MGM execs vowed Wednesday to continue diversifying studio operations while maintaining as low overhead as possible in its core businesses.
“MGM’s transformation into a more vertically integrated company is a major priority for us,” chairman and CEO Alex Yemenidjian told shareholders attending an annual meeting in Century City.
“Our vision for MGM is a company that has multiple revenue streams and is growing,” Yemenidjian emphasized.
Vice chairman and chief operating officer Chris McGurk called the Santa Monica-based studio’s cost of doing business the “lowest overhead structure in the business.”
Small and careful
MGM’s overhead and distribution fees amount to a modest 10.6% of revenue, McGurk said. He cited a small film development staff and “very selective and careful” greenlighting process as critical to the studio’s effort to keep down costs.
Meanwhile, Yemenidjian touted MGM’s executive bonus structure as being more bottom line-oriented than other studio companies. “We are appalled that in this industry, most executives are bonused based on market-share and box office,” he said.
Disney won Hollywood’s movie market-share battle last year. Mouse House spokeswoman Chris Castro declined to say whether Disney execs were rewarded for the accomplishment, but she noted that annual bonuses for its top officers are “performance-related” and based on profit-related measures.
Looking for laurels
In any event, it may be some time before MGM can expect to vie for annual B.O. laurels.

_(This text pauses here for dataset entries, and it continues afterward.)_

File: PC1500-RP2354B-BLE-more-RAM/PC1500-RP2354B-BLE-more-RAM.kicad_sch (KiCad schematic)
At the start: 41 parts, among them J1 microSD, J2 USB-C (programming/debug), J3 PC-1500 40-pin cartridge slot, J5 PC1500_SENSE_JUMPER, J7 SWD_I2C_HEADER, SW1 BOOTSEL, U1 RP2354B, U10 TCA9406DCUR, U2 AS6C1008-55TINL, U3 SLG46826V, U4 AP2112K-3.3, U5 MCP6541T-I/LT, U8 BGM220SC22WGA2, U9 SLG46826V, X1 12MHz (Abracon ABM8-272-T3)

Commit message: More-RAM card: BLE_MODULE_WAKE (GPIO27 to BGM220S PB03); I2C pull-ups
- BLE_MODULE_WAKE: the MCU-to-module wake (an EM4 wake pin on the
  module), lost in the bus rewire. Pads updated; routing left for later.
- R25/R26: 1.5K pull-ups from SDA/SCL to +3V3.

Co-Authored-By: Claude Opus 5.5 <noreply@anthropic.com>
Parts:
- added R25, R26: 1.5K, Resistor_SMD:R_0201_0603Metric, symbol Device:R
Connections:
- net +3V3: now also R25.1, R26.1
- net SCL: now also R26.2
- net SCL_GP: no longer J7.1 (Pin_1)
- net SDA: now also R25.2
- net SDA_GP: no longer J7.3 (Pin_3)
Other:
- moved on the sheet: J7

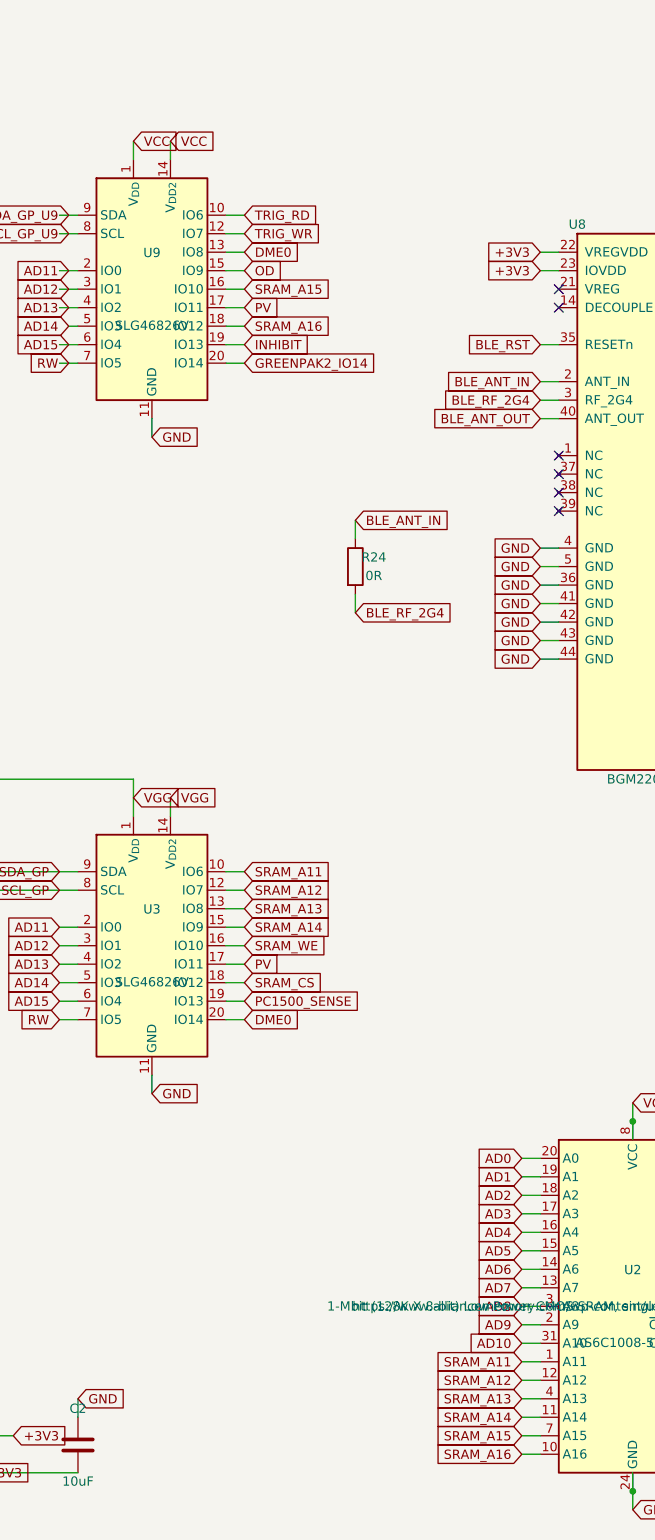
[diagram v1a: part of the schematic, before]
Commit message: More-RAM card schematic: SRAM A11-A13 from the bus, GP1 drives A14-A16, INHIBIT on GP1, GP2 on VGG
- SRAM A11-A13 come straight from AD11-AD13; GP1 (U3) IO7/IO8/IO9 drive
  SRAM_A14/15/16 (the card GP1 design).
- INHIBIT (J3 pin 15) moved to GP1 IO6 (U3 pin 10); GP2 IO10/IO12/IO13 are
  no-connects.
- GP2 (U9) VDD/VDD2 moved from VCC to VGG, as on the dongle: both GreenPAKs
  keep their state through power-off.
Schematic only; the PCB still has the old nets and needs re-routing.

Co-Authored-By: Claude Opus 5.5 <noreply@anthropic.com>
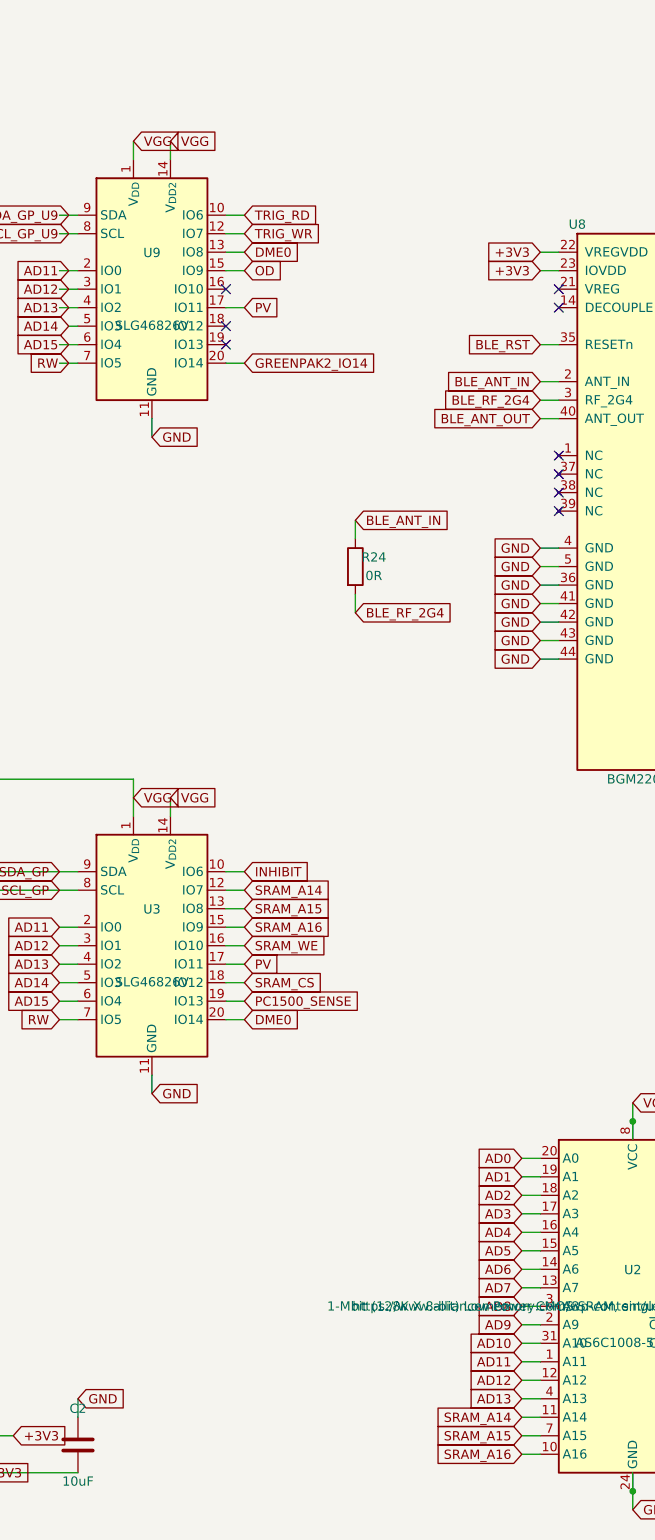
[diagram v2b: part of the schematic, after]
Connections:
- net AD11: now also U2.1 (A11)
- net AD12: now also U2.12 (A12)
- net AD13: now also U2.4 (A13)
- net INHIBIT: now also U3.10 (IO6); no longer U9.19 (IO13)
- net SRAM_A14: now also U3.12 (IO7); no longer U3.15 (IO9)
- net SRAM_A15: now also U3.13 (IO8); no longer U9.16 (IO10)
- net SRAM_A16: now also U3.15 (IO9); no longer U9.18 (IO12)
- net VCC: no longer U9.1 (V_{DD}), U9.14 (V_{DD2})
- net VGG: now also U9.1 (V_{DD}), U9.14 (V_{DD2})
- removed net SRAM_A11: U2.1 (A11), U3.10 (IO6)
- removed net SRAM_A12: U2.12 (A12), U3.12 (IO7)
- removed net SRAM_A13: U2.4 (A13), U3.13 (IO8)
- no-connect marks 29 -> 32
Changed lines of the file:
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@@
 		)
 	)
-	(wire
-		(pts
-			(xy 139.7 95.25) (xy 142.24 95.25)
-		)
-		(stroke
-			(width 0)
-			(type default)
-		)
+	(no_connect
+		(at 139.7 95.25)
 	)
 	(wire
@@
 		)
 	)
-	(wire
-		(pts
-			(xy 139.7 90.17) (xy 142.24 90.17)
-		)
-		(stroke
-			(width 0)
-			(type default)
-		)
+	(no_connect
+		(at 139.7 90.17)
 	)
 	(wire
@@
 		)
 	)
-	(wire
-		(pts
-			(xy 139.7 97.79) (xy 142.24 97.79)
-		)
-		(stroke
-			(width 0)
-			(type default)
-		)
+	(no_connect
+		(at 139.7 97.79)
 	)
 	(wire
@@
 		)
 	)
+	(global_label "INHIBIT"
+		(shape input)
+		(at 142.24 170.18 0)
+		(effects
+			(font
+				(size 1.27 1.27)
+			)
+			(justify left)
+		)
+		(property "Intersheetrefs" "${INTERSHEET_REFS}"
+			(at 142.24 170.18 0)
+			(hide yes)
+			(show_name no)
+			(do_not_autoplace no)
+			(effects
+				(font
+					(size 1.27 1.27)
+				)
+			)
+		)
+	)
 	(wire
 		(pts
@@
 		)
 	)
-	(global_label "VCC"
+	(global_label "VGG"
 		(shape input)
 		(at 132.08 69.85 0)
@@
 		)
 	)
-	(global_label "SRAM_A12"
+	(global_label "AD12"
 		(shape input)
 		(at 180.34 240.03 180)
@@
 		)
 	)
-	(global_label "SRAM_A15"
-		(shape input)
-		(at 142.24 90.17 0)
-		(effects
-			(font
-				(size 1.27 1.27)
-			)
-			(justify left)
-		)
-		(property "Intersheetrefs" "${INTERSHEET_REFS}"
-			(at 142.24 90.17 0)
-			(hide yes)
-			(show_name no)
-			(do_not_autoplace no)
-			(effects
-				(font
-					(size 1.27 1.27)
-				)
-			)
-		)
-	)
 	(global_label "AD8"
 		(shape input)
@@
 		)
 	)
-	(global_label "SRAM_A13"
+	(global_label "AD13"
 		(shape input)
 		(at 180.34 242.57 180)
@@
 		)
 	)
-	(global_label "SRAM_A12"
+	(global_label "SRAM_A14"
 		(shape input)
 		(at 142.24 172.72 0)
@@
 		)
 	)
-	(global_label "INHIBIT"
-		(shape input)
-		(at 142.24 97.79 0)
-		(effects
-			(font
-				(size 1.27 1.27)
-			)
-			(justify left)
-		)
-		(property "Intersheetrefs" "${INTERSHEET_REFS}"
-			(at 142.24 97.79 0)
-			(hide yes)
-			(show_name no)
-			(do_not_autoplace no)
-			(effects
-				(font
-					(size 1.27 1.27)
-				)
-			)
-		)
-	)
 	(global_label "TRIG_WR"
 		(shape input)
@@
 		)
 	)
-	(global_label "SRAM_A14"
+	(global_label "SRAM_A16"
 		(shape input)
 		(at 142.24 177.8 0)
@@
 		)
 	)
-	(global_label "SRAM_A11"
-		(shape input)
-		(at 142.24 170.18 0)
-		(effects
-			(font
-				(size 1.27 1.27)
-			)
-			(justify left)
-		)
-		(property "Intersheetrefs" "${INTERSHEET_REFS}"
-			(at 142.24 170.18 0)
-			(hide yes)
-			(show_name no)
-			(do_not_autoplace no)
-			(effects
-				(font
-					(size 1.27 1.27)
-				)
-			)
-		)
-	)
 	(global_label "SD_CS"
 		(shape input)
@@
 		)
 	)
-	(global_label "SRAM_A13"
+	(global_label "SRAM_A15"
 		(shape input)
 		(at 142.24 175.26 0)
@@
 		)
 	)
-	(global_label "SRAM_A11"
+	(global_label "AD11"
 		(shape input)
 		(at 180.34 237.49 180)
@@
 		)
 	)
-	(global_label "VCC"
+	(global_label "VGG"
 		(shape input)
 		(at 127 69.85 0)
@@
 			(hide yes)
 			(show_name no)
-			(do_not_autoplace no)
-			(effects
-				(font
-					(size 1.27 1.27)
-				)
-			)
-		)
-	)
-	(global_label "SRAM_A16"
-		(shape input)
-		(at 142.24 95.25 0)
-		(effects
-			(font
-				(size 1.27 1.27)
-			)
-			(justify left)
-		)
-		(property "Intersheetrefs" "${INTERSHEET_REFS}"
-			(at 142.24 95.25 0)
-			(hide yes)
-			(show_name no)

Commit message: More-RAM card: GP2 INHIBIT/MCU_READY/TRIG_WR_SYS, test points, USB 27R, decoupling, Abracon L2; placed and routed
Schematic:
- INHIBIT from GP2 (U9) IO10; U9 IO14 = MCU_READY -> GPIO25; U9 IO12 =
  TRIG_WR_SYS (7000-7FFF write trigger) -> GPIO24.
- Test points: TP4 on GPIO46; TP9 GP1_IO6, TP10 GP2_IO13, TP11 card-edge PU.
- USB-C D+/D- pairing fixed; R27/R28 27R series resistors.
- Decoupling per Raspberry Pi's "Hardware design with RP2350": 100nF per
  RP2354B power pin, 4.7uF on VREG_VIN and DVDD, R29 33R + C27 4.7uF on
  VREG_AVDD (FLG5). One 100nF per GreenPAK at VDD, two on the SRAM.
- L2 = Abracon AOTA-B201610S3R3-101-T (LCSC C42411119) on a new
  Sharp-PC-Footprints:L_Abracon_AOTA-B201610 footprint, generated by
  tools/gen_fp_abracon_aota_b201610.py from Abracon's land pattern.
- TP values follow their nets.

PCB: new parts placed and routed; DVDD 4.7uF moved next to L2's output;
XOUT straightened; reference designators restored to match the schematic
(silkscreen labels kept as Value fields / ${REFERENCE} texts). DRC: 0
unconnected, schematic parity only the PWR_FLAGs; remaining clearance
errors are the J1 shell vias (expected, see DESIGN_DECISIONS.md).
Design rules updated in the .kicad_pro.

Co-Authored-By: Claude Opus 5.5 <noreply@anthropic.com>
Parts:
- added C15, C16, C17, C18, C19, C20, C21, C23, C24, C25, C29, C30, C31, C32: 100nF, Capacitor_SMD:C_0402_1005Metric, symbol Device:C
- added C22, C26, C27: 4.7uF, Capacitor_SMD:C_0402_1005Metric, symbol Device:C
- added R27, R28: 27R, Resistor_SMD:R_0402_1005Metric, symbol Device:R
- added R29: 33R, Resistor_SMD:R_0402_1005Metric, symbol Device:R
- added TP10: GP2_IO13, TestPoint:TestPoint_Pad_1.0x1.0mm, symbol Connector:TestPoint
- added TP11: PU, TestPoint:TestPoint_Pad_1.0x1.0mm, symbol Connector:TestPoint
- added TP9: GP1_IO6, TestPoint:TestPoint_Pad_1.0x1.0mm, symbol Connector:TestPoint
- L2: value 1uH -> 3.3uH (Abracon AOTA-B201610S3R3-101-T); footprint Inductor_SMD:L_0805_2012Metric -> Sharp-PC-Footprints:L_Abracon_AOTA-B201610; LCSC (none) -> C42411119
- TP4: value GPIO19 -> GPIO46
- TP5: value GPIO20 -> GPIO26
- TP8: value GPIO34 -> GPIO47
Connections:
- net +3V3: now also C15.1, C16.1, C17.1, C18.1, C19.1, C20.1, C21.1, C22.1, R29.1; no longer U1.61 (VREG_AVDD)
- net DVDD: now also C23.1, C24.1, C25.1, C26.1
- net GND: now also C15.2, C16.2, C17.2, C18.2, C19.2, C20.2, C21.2, C22.2, C23.2, C24.2, C25.2, C26.2, C27.2, C29.2, C30.2, C31.2, C32.2
- net GPIO46: now also TP4.1
- net INHIBIT: now also U9.16 (IO10); no longer U3.10 (IO6)
- net PU: now also TP11.1
- net SCL_GP: now also J7.1 (Pin_1)
- net SDA_GP: now also J7.3 (Pin_3)
- net USB_DM: now also R28.2; no longer J2.A6 (D+), J2.B7 (D-)
- net USB_DP: now also R27.2; no longer J2.A7 (D-), J2.B6 (D+)
- net VGG: now also C29.1, C30.1, C31.1, C32.1
- net TRIG_WR_SYS: now reaches U9.18 (IO12)
- net TRIG_WR_SYS: now also U1.25 (GPIO24)
- net GP2_IO13: now reaches U9.19 (IO13)
- net GP2_IO13: now also TP10.1
- removed net GPIO24: TP4.1, U1.25 (GPIO24)
- net GREENPAK2_IO14 renamed MCU_READY
- new net GP1_IO6: TP9.1, U3.10 (IO6)
- new net USB_C_DM: J2.A7 (D-), J2.B7 (D-), R28.1
- new net USB_C_DP: J2.A6 (D+), J2.B6 (D+), R27.1
- new net VREG_AVDD: C27.1, R29.2, U1.61 (VREG_AVDD)
- no-connect marks 32 -> 29

Indeed, chief financial officer and senior executive veep Dan Taylor acknowledged that 2000 “was a transitional year for MGM” and featured a smaller-than-usual film release sked.
But execs served up a 20-minute reel of pics planned for 2001-2002. The 100 or so shareholders on hand applauded after being treated to a presentation featuring lengthy segments from summer’s “Rollerball” action-thriller and “What’s the Worst that Could Happen?” laffer, and the first clip of next year’s “Hart’s War,” a prisoner-of-war drama for which MGM holds high hopes.
As for diversifying into new areas from MGM’s core film base, Yemenidjian touted various new international TV channel start-ups as important new profit centers.
“We believe the value of these channels are not yet reflected in our current stock price,” he complained.
Yemenidjian — and MGM majority owner Kirk Kerkorian — are known to be frustrated by MGM’s stubborn stock price, which briefly hovered around $30 several months ago but more recently has languished below $20. The Lion is currently on a campaign to boost the number of Wall Street firms covering its stock, which Wednesday closed up 52¢, or almost 3%, at $19.92.
Yemenidjian pointed to recent deals including the purchase of a 20% stake in four cable channels owned by Rainbow Media as important steps toward diversification. Effectively reiterating the studio’s intent to boost its stake in the webs, he said, “The acquisition of those four channels will forever change the DNA of MGM.”
Meanwhile, with the annual presentation’s much-repeated theme of low studio overhead, execs made no mention of the Lion’s fancy new den under construction within shouting distance of the annual meeting until a question was raised about the project’s status. MGM is set to move to Century City in May 2003, when it will occupy well over half of a glitzy, new 35-story high rise to be topped by the MGM name and maned logo on four sides.
“We’re really looking forward to it,” Yemenidjian allowed.